# Two Tools running at the same time on One 30 AMP 240V Circuit, Possible?



## JohnnyBeWood (Aug 22, 2017)

I've been doing some research and have seen some different answers but nothing about my specific situation. I'm sure its out there, just couldn't find it in the past few days.

I have two tools that use 240V. One is my dust collector, a Grizzly G1029Z2P and an Axiom AR8 Pro+ CNC machine.

*The dust collector is a 6-15 plug and draws 9 amps
The CNC is a 6-20 plug and draws 10 amps*

If my breaker is 30AMP (wiring is 10/3 gauge), is it safe to run both tools at the same time? At 80% its 24 amps.

I'm hearing that if I *change my plugs to match 30 AMP outlets* and have both machines running that they could pull more amps than they are designed for if there was a problem and NOT trip the breaker, ruining the tool.

I believe the collector recommends a 20 AMP dedicated circuit and the CNC recommends a 10 AMP dedicated circuit. They just say check with local codes for running multiple things at the same time and make sure the wiring is properly sized. Theoretically the wiring should be sufficient at 10/3.

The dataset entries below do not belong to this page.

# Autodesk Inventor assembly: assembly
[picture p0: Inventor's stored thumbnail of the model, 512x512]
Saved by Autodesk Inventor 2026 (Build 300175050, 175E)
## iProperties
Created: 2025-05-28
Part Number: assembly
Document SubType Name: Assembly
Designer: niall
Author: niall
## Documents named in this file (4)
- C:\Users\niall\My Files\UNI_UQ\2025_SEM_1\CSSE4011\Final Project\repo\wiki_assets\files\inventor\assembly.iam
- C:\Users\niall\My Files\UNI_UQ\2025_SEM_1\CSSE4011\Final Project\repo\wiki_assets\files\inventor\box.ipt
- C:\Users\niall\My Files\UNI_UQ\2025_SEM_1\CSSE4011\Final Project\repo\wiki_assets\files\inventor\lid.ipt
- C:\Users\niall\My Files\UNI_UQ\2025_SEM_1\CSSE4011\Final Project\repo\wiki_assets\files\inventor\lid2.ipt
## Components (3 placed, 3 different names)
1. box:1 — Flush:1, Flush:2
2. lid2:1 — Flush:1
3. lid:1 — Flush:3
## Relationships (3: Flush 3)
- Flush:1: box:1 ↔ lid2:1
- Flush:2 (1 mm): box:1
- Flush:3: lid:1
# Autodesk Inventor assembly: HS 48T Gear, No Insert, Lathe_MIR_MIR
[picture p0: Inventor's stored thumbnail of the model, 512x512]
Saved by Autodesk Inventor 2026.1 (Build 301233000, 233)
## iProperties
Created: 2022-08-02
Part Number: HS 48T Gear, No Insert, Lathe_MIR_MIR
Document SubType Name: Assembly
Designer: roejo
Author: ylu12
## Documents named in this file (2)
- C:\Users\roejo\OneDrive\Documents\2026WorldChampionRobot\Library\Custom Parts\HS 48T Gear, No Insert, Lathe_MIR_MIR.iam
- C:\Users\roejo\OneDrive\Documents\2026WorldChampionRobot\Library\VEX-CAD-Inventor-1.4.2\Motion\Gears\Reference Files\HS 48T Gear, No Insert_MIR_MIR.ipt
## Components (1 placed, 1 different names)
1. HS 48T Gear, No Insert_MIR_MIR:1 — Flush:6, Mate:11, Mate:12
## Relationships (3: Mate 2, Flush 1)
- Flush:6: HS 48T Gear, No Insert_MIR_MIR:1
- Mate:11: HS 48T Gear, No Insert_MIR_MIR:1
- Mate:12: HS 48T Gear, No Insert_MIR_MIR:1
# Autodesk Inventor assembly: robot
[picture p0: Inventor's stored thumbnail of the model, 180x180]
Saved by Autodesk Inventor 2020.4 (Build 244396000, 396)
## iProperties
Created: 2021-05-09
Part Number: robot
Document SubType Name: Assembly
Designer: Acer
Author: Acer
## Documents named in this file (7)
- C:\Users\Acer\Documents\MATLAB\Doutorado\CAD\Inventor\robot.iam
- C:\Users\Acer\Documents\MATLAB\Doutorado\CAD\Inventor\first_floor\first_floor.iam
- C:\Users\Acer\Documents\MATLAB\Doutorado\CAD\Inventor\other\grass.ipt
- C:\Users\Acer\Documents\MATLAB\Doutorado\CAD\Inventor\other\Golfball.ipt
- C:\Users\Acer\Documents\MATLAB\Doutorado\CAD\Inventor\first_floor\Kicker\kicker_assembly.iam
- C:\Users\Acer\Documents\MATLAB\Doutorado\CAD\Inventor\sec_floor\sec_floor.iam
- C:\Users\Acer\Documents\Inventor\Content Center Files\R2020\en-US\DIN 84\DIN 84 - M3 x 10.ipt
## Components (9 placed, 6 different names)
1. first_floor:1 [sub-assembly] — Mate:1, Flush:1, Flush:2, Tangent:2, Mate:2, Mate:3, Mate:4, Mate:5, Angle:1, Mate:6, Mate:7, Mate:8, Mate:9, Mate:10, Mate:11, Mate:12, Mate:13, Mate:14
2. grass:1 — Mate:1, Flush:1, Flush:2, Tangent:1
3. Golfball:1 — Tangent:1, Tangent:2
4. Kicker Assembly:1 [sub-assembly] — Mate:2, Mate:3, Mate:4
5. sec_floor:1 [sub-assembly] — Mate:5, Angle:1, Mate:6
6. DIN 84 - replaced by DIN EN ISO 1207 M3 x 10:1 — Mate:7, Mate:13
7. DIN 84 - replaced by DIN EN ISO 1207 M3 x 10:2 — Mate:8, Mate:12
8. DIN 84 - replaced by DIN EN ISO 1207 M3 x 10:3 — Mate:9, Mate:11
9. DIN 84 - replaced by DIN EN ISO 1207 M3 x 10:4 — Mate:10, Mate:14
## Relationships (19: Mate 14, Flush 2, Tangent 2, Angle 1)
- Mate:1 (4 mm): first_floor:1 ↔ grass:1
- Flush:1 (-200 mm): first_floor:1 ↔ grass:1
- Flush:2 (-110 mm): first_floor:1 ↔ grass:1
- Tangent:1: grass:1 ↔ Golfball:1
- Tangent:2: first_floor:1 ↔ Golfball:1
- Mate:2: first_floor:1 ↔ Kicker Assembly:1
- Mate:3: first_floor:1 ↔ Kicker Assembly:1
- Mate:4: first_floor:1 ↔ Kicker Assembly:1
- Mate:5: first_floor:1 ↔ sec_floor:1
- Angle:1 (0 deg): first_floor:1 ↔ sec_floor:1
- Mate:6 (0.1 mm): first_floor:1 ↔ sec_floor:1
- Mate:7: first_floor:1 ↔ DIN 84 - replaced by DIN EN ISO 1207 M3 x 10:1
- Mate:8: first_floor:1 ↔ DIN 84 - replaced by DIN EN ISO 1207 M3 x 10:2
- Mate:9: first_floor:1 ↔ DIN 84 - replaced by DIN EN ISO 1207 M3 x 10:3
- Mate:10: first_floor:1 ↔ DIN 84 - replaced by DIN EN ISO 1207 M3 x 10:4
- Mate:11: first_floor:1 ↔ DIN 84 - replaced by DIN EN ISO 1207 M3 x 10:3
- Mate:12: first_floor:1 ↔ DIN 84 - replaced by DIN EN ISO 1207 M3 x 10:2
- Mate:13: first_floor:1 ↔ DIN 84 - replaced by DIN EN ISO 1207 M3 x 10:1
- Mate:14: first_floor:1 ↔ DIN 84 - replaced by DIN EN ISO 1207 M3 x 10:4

There is no way for me to have more than one 240V circuit without going through a subpanel. Which I really don't want to do if I can avoid it.

Any help is appreciated!


----------



## mrg (Mar 10, 2010)

If I recall the NEC says one device per 220 volt line.


----------



## msinc (Jan 8, 2017)

> ........"There is no way for me to have more than one 240V circuit without going through a subpanel. Which I really don t want to do if I can avoid it…......."
> 
> - JohnnyBeWood


Can you please clarify the above statement? Why do you say there is "no way" to have more than one? What you really don't want to do if you can avoid it is burn your shop/house down.


----------



## jonah (May 15, 2009)

I'm pretty sure you can have more than one device on 240V circuits that are 20A or less, but that doesn't help you since yours is 30A.


----------



## WhyMe (Feb 15, 2014)

Do it right and use a sub panel to have the proper sized circuits.


----------



## Carloz (Oct 12, 2016)

Size does not matter, one device per circuit or you can be found at fault if something happens.


----------



## JohnnyBeWood (Aug 22, 2017)

> ........"There is no way for me to have more than one 240V circuit without going through a subpanel. Which I really don t want to do if I can avoid it…......."
> 
> - JohnnyBeWood
> 
> ...


The problem is I only have 4 open slots. I wanted to run a couple 120 circuits to the garage as well as the 30 Amp 240V circuit.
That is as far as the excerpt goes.